#### [What you have to do]
Pull each line with the string "linetypes" from the entries.

Stored entries:
________________________
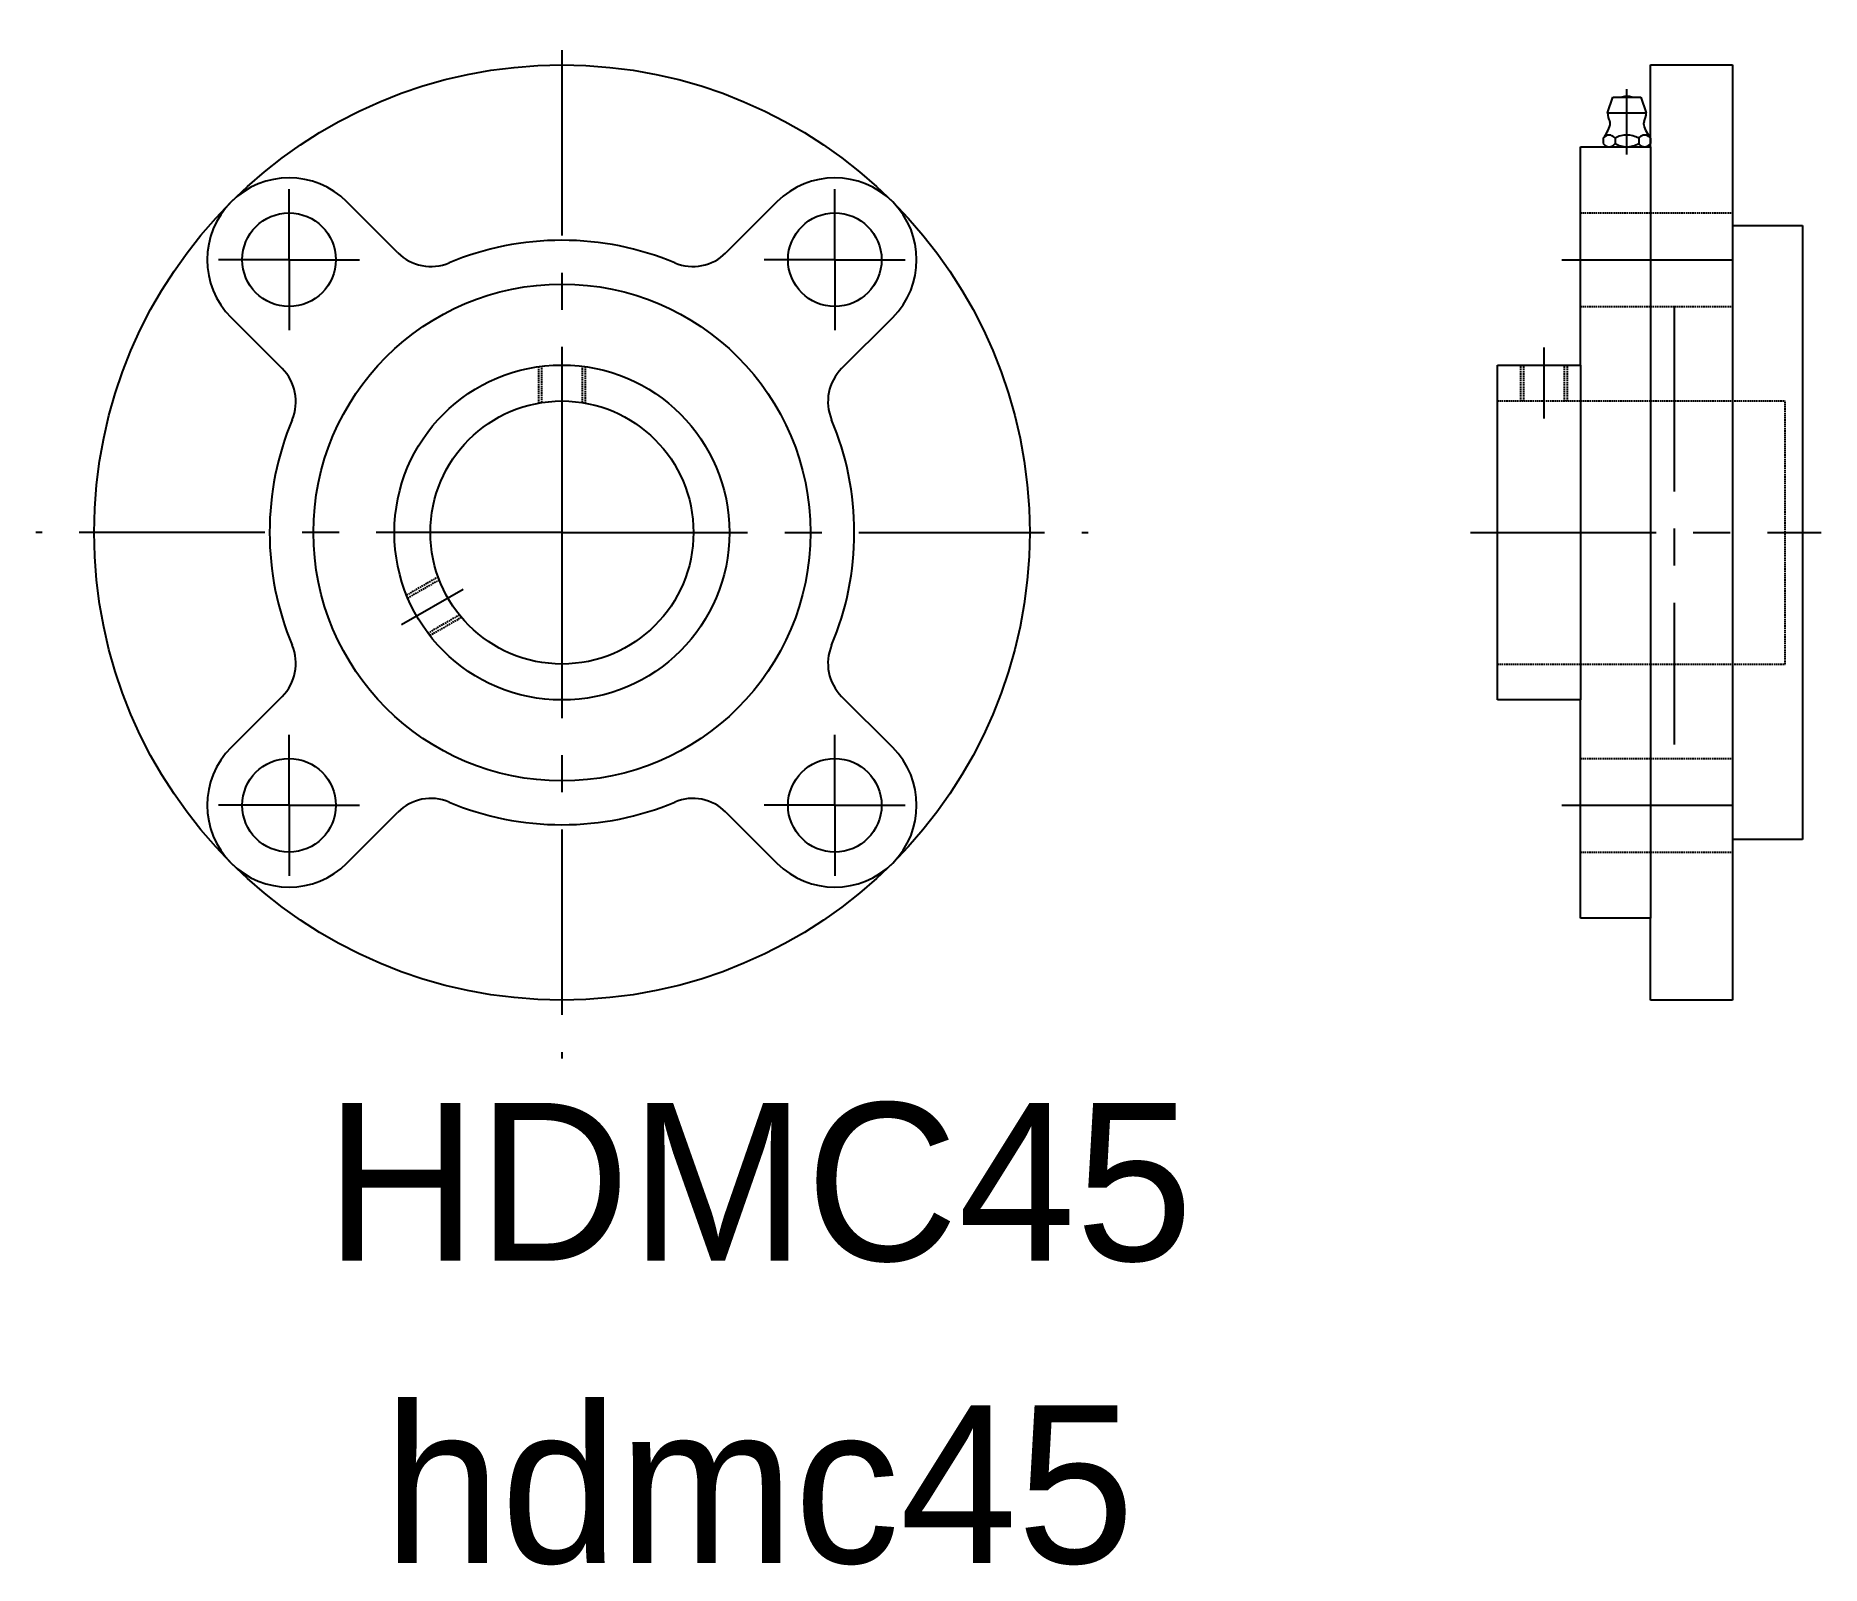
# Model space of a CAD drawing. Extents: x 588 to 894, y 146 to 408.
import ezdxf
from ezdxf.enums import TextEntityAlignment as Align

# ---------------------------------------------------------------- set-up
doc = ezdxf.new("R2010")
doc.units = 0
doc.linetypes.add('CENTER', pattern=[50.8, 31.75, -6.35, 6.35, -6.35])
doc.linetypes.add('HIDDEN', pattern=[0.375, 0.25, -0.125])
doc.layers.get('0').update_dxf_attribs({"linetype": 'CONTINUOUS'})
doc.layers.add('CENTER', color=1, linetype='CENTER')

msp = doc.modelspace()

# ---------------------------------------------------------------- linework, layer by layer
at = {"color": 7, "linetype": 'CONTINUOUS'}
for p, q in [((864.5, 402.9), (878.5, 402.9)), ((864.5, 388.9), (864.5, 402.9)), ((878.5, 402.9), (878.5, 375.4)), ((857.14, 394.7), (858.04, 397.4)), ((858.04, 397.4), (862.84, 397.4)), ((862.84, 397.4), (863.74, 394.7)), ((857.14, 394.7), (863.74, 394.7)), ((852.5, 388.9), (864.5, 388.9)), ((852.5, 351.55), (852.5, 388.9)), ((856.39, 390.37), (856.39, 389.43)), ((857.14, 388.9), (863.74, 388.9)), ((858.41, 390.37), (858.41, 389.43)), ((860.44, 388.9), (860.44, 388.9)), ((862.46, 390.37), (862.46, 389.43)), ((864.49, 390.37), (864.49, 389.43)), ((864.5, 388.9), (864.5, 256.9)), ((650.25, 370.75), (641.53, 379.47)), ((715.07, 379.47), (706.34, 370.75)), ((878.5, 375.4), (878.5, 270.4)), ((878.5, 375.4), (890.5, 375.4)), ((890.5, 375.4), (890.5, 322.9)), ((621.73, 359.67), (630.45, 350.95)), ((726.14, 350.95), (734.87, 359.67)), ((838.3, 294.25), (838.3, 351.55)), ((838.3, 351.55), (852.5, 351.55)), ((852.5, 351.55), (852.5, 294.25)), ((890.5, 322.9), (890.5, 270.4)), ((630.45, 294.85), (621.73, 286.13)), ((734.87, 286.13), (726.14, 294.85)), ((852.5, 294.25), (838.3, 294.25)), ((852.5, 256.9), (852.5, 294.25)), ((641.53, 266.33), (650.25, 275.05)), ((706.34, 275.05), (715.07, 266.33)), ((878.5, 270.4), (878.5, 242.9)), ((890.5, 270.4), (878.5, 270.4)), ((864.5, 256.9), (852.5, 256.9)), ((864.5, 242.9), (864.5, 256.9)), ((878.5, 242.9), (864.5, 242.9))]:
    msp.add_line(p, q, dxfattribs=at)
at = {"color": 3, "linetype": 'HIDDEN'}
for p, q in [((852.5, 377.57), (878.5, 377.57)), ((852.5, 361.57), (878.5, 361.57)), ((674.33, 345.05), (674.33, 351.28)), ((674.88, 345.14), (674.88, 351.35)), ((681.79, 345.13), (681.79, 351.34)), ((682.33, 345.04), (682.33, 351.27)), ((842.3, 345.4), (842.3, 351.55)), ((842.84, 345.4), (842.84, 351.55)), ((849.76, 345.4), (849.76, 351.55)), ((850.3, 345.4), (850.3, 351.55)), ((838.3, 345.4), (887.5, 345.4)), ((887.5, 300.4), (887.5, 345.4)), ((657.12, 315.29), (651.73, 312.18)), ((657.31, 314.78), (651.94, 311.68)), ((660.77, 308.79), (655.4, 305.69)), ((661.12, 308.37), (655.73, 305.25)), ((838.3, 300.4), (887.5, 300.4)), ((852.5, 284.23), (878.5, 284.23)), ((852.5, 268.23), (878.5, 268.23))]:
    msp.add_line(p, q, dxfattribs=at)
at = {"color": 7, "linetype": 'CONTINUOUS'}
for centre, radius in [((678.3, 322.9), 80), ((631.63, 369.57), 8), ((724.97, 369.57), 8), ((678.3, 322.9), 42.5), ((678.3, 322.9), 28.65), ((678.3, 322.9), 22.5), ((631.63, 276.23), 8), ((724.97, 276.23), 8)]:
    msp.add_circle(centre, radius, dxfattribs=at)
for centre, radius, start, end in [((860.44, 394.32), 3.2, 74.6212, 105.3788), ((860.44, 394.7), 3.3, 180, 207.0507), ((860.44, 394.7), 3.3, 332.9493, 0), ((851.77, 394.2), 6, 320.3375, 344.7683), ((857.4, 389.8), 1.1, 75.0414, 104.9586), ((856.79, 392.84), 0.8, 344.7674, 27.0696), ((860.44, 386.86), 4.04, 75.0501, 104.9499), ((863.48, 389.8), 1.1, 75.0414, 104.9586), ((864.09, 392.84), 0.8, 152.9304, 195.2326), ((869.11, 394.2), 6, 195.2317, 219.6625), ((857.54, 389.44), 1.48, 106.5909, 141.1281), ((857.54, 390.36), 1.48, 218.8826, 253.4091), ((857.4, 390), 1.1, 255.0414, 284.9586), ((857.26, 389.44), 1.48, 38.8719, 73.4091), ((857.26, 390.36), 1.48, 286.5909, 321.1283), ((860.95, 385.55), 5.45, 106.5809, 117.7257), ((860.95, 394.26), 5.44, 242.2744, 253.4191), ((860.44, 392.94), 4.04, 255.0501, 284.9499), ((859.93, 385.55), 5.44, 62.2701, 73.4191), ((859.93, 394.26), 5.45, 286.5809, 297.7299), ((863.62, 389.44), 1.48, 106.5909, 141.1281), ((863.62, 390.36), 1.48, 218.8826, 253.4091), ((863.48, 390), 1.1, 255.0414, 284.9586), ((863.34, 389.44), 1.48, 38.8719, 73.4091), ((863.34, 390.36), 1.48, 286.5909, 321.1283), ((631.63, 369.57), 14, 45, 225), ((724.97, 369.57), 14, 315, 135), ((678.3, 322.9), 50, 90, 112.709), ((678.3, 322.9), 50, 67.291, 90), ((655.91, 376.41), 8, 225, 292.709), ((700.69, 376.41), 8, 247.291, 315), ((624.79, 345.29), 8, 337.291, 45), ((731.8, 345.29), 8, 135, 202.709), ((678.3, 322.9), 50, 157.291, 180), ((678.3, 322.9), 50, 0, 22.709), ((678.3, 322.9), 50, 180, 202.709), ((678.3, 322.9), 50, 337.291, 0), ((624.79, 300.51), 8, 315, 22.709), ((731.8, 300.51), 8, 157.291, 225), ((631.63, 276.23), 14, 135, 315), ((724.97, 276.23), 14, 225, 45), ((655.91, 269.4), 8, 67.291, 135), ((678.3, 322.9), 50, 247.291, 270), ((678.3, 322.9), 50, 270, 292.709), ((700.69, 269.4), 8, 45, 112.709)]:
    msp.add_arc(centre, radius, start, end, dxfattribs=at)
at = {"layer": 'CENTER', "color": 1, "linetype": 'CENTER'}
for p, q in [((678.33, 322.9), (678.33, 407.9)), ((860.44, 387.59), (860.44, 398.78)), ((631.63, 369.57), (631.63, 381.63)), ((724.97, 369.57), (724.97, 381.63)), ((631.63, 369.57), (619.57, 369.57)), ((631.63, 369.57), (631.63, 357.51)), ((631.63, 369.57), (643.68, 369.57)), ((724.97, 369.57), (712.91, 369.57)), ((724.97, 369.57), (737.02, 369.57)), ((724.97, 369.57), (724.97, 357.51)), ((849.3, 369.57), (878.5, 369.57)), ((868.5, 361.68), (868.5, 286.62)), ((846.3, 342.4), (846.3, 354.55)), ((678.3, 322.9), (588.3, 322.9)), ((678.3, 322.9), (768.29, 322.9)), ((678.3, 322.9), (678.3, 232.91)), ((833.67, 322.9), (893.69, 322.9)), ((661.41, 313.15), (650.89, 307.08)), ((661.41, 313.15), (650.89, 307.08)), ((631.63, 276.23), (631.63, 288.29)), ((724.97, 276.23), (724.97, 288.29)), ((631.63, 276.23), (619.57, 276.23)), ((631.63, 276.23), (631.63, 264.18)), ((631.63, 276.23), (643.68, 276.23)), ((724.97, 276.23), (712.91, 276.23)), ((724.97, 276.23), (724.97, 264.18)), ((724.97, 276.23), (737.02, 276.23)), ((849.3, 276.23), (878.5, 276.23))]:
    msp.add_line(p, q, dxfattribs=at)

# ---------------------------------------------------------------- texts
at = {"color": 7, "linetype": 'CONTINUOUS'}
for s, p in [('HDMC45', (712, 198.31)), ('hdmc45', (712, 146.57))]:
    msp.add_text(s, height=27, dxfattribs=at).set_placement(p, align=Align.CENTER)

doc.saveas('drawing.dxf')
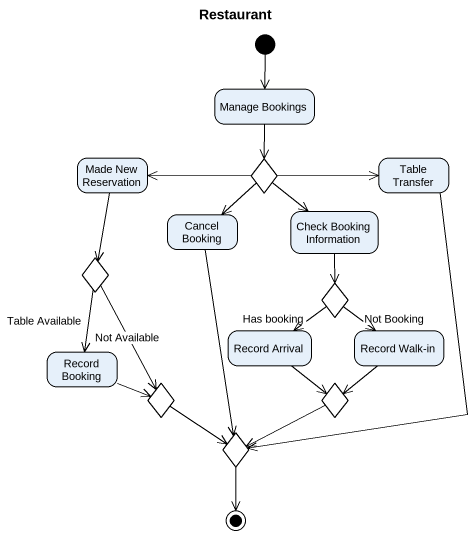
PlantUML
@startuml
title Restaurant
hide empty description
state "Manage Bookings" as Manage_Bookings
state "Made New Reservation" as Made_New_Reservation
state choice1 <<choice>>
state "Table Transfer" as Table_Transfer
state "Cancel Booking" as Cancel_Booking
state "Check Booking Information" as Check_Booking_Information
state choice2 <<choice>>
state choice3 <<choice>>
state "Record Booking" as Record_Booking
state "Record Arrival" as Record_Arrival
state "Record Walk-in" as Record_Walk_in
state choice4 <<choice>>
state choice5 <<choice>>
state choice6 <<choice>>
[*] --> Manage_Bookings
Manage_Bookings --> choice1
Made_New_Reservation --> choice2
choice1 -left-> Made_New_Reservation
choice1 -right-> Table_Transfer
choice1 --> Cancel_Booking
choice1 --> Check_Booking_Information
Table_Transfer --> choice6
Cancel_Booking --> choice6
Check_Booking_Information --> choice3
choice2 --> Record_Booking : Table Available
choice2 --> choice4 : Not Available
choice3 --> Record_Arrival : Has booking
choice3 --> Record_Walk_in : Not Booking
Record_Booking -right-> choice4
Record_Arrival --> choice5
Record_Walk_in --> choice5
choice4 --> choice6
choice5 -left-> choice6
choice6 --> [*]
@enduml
________________________
#### [Written reply]
doc.linetypes.add('CENTER', pattern=[50.8, 31.75, -6.35, 6.35, -6.35])
doc.linetypes.add('HIDDEN', pattern=[0.375, 0.25, -0.125])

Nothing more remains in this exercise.